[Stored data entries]
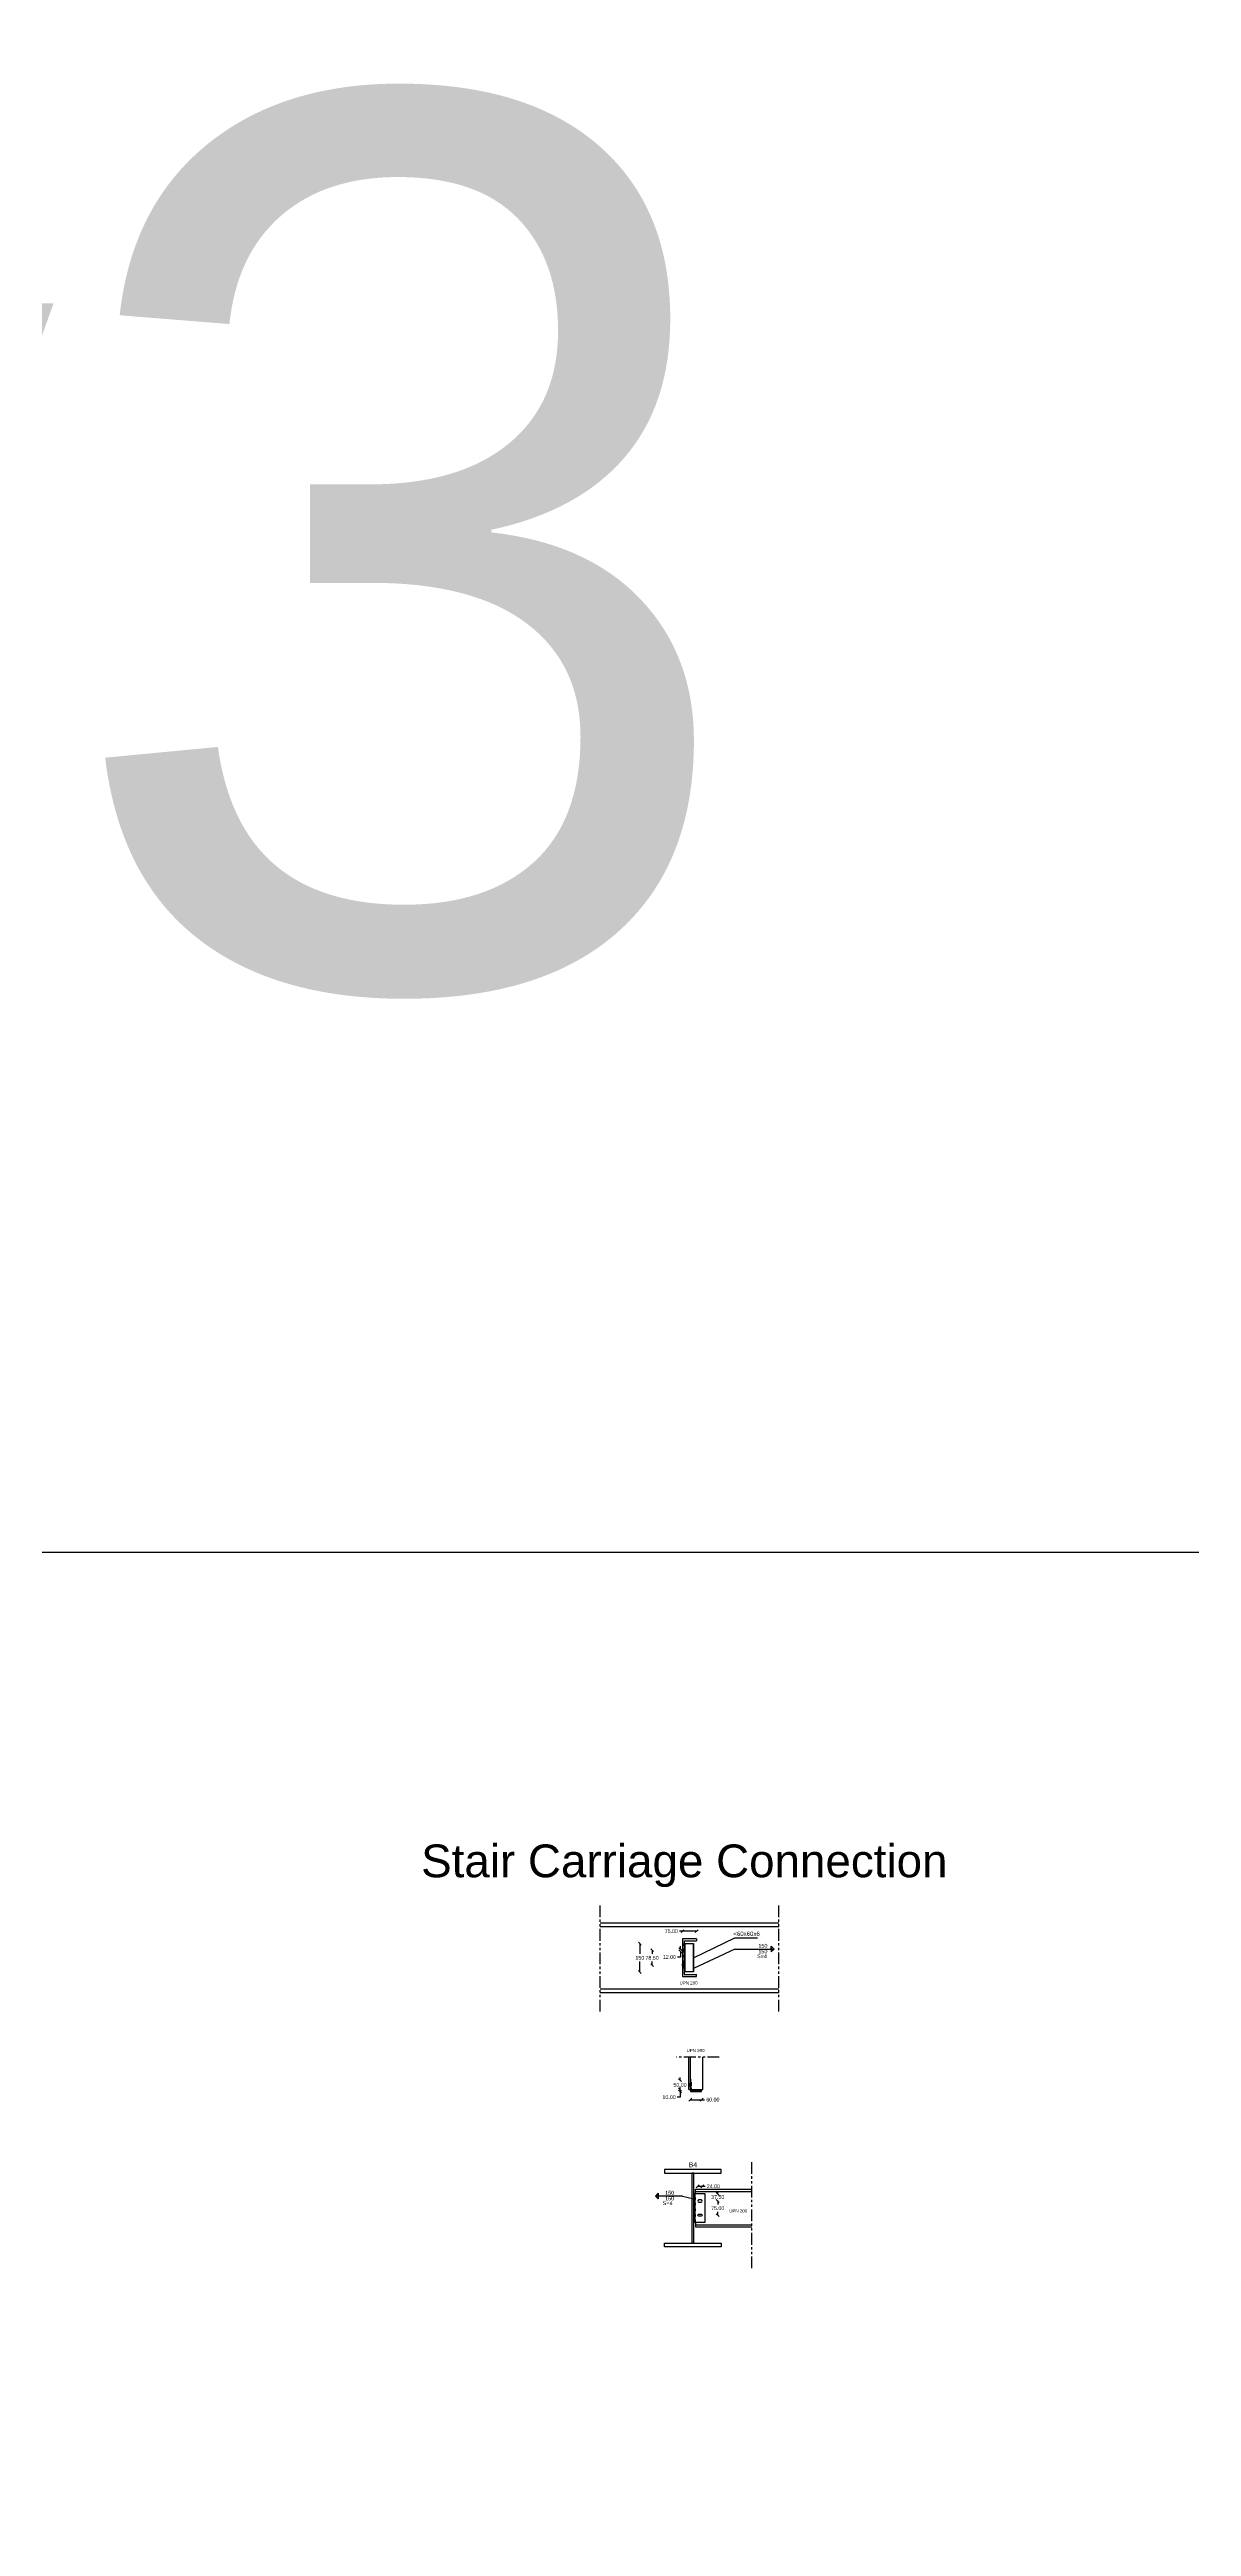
# Model space of a CAD drawing. Header units: inches. Extents: x -15 to 1885144, y -42615 to 866270.
# Drawn here: x 865369 to 871422, y 82099 to 95227 of the extents above; entities that cross this region are included whole.
import ezdxf

# ---------------------------------------------------------------- set-up
doc = ezdxf.new("R2010")
doc.units = ezdxf.units.IN
doc.header["$LTSCALE"] = 100
doc.header["$MEASUREMENT"] = 0
doc.linetypes.add('dash line', pattern=[30, 12, -18])
doc.linetypes.add('PHANTOM2', pattern=[1.25, 0.625, -0.125, 0.125, -0.125, 0.125, -0.125])
for name, color, linetype in [('bolt', 1, 'Continuous'), ('sections', 3, 'Continuous'), ('sections Dimensions', 6, 'Continuous'), ('text', 3, 'Continuous')]:
    doc.layers.add(name, color=color, linetype=linetype)
doc.layers.add('weld', color=2, linetype='Continuous', lineweight=35)
doc.styles.get("Standard").update_dxf_attribs({"font": 'arial.ttf'})
doc.dimstyles.new('connections', dxfattribs={"dimtxt": 20, "dimasz": 15, "dimexe": 0.0625, "dimexo": 0.0625, "dimgap": 10, "dimtad": 0, "dimtih": 1, "dimtoh": 1, "dimzin": 0, "dimdsep": 46, "dimtxsty": 'Standard', "dimblk": 'OBLIQUE', "dimcen": 0.09, "dimse1": 1, "dimse2": 1, "dimclrd": 256, "dimclre": 256, "dimclrt": 256, "dimadec": 0, "dimazin": 0, "dimtfac": 1, "dimtofl": 0, "dimtmove": 0, "dimatfit": 3, "dimfxl": 1, "dimtfillclr": 256, "dimtolj": 1, "dimtzin": 0, "dimlwe": -1, "dimarcsym": 0})
pattern_1 = [(45, (746.77934, 33.83236), (-0.088388347648, 0.088388347648), [])]

# ---------------------------------------------------------------- blocks, each defined once
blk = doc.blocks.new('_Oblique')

→ **Exercise brief**:
Among the entries above, the lines between the ones containing "doc.units = ezdxf.units.IN" and "(-0.088388347648, 0.088388347648), [])]", inclusive, are to be transcribed exactly. No other line is to be given.

→ **Written solution**:
doc.units = ezdxf.units.IN
doc.header["$LTSCALE"] = 100
doc.header["$MEASUREMENT"] = 0
doc.linetypes.add('dash line', pattern=[30, 12, -18])
doc.linetypes.add('PHANTOM2', pattern=[1.25, 0.625, -0.125, 0.125, -0.125, 0.125, -0.125])
for name, color, linetype in [('bolt', 1, 'Continuous'), ('sections', 3, 'Continuous'), ('sections Dimensions', 6, 'Continuous'), ('text', 3, 'Continuous')]:
    doc.layers.add(name, color=color, linetype=linetype)
doc.layers.add('weld', color=2, linetype='Continuous', lineweight=35)
doc.styles.get("Standard").update_dxf_attribs({"font": 'arial.ttf'})
doc.dimstyles.new('connections', dxfattribs={"dimtxt": 20, "dimasz": 15, "dimexe": 0.0625, "dimexo": 0.0625, "dimgap": 10, "dimtad": 0, "dimtih": 1, "dimtoh": 1, "dimzin": 0, "dimdsep": 46, "dimtxsty": 'Standard', "dimblk": 'OBLIQUE', "dimcen": 0.09, "dimse1": 1, "dimse2": 1, "dimclrd": 256, "dimclre": 256, "dimclrt": 256, "dimadec": 0, "dimazin": 0, "dimtfac": 1, "dimtofl": 0, "dimtmove": 0, "dimatfit": 3, "dimfxl": 1, "dimtfillclr": 256, "dimtolj": 1, "dimtzin": 0, "dimlwe": -1, "dimarcsym": 0})
pattern_1 = [(45, (746.77934, 33.83236), (-0.088388347648, 0.088388347648), [])]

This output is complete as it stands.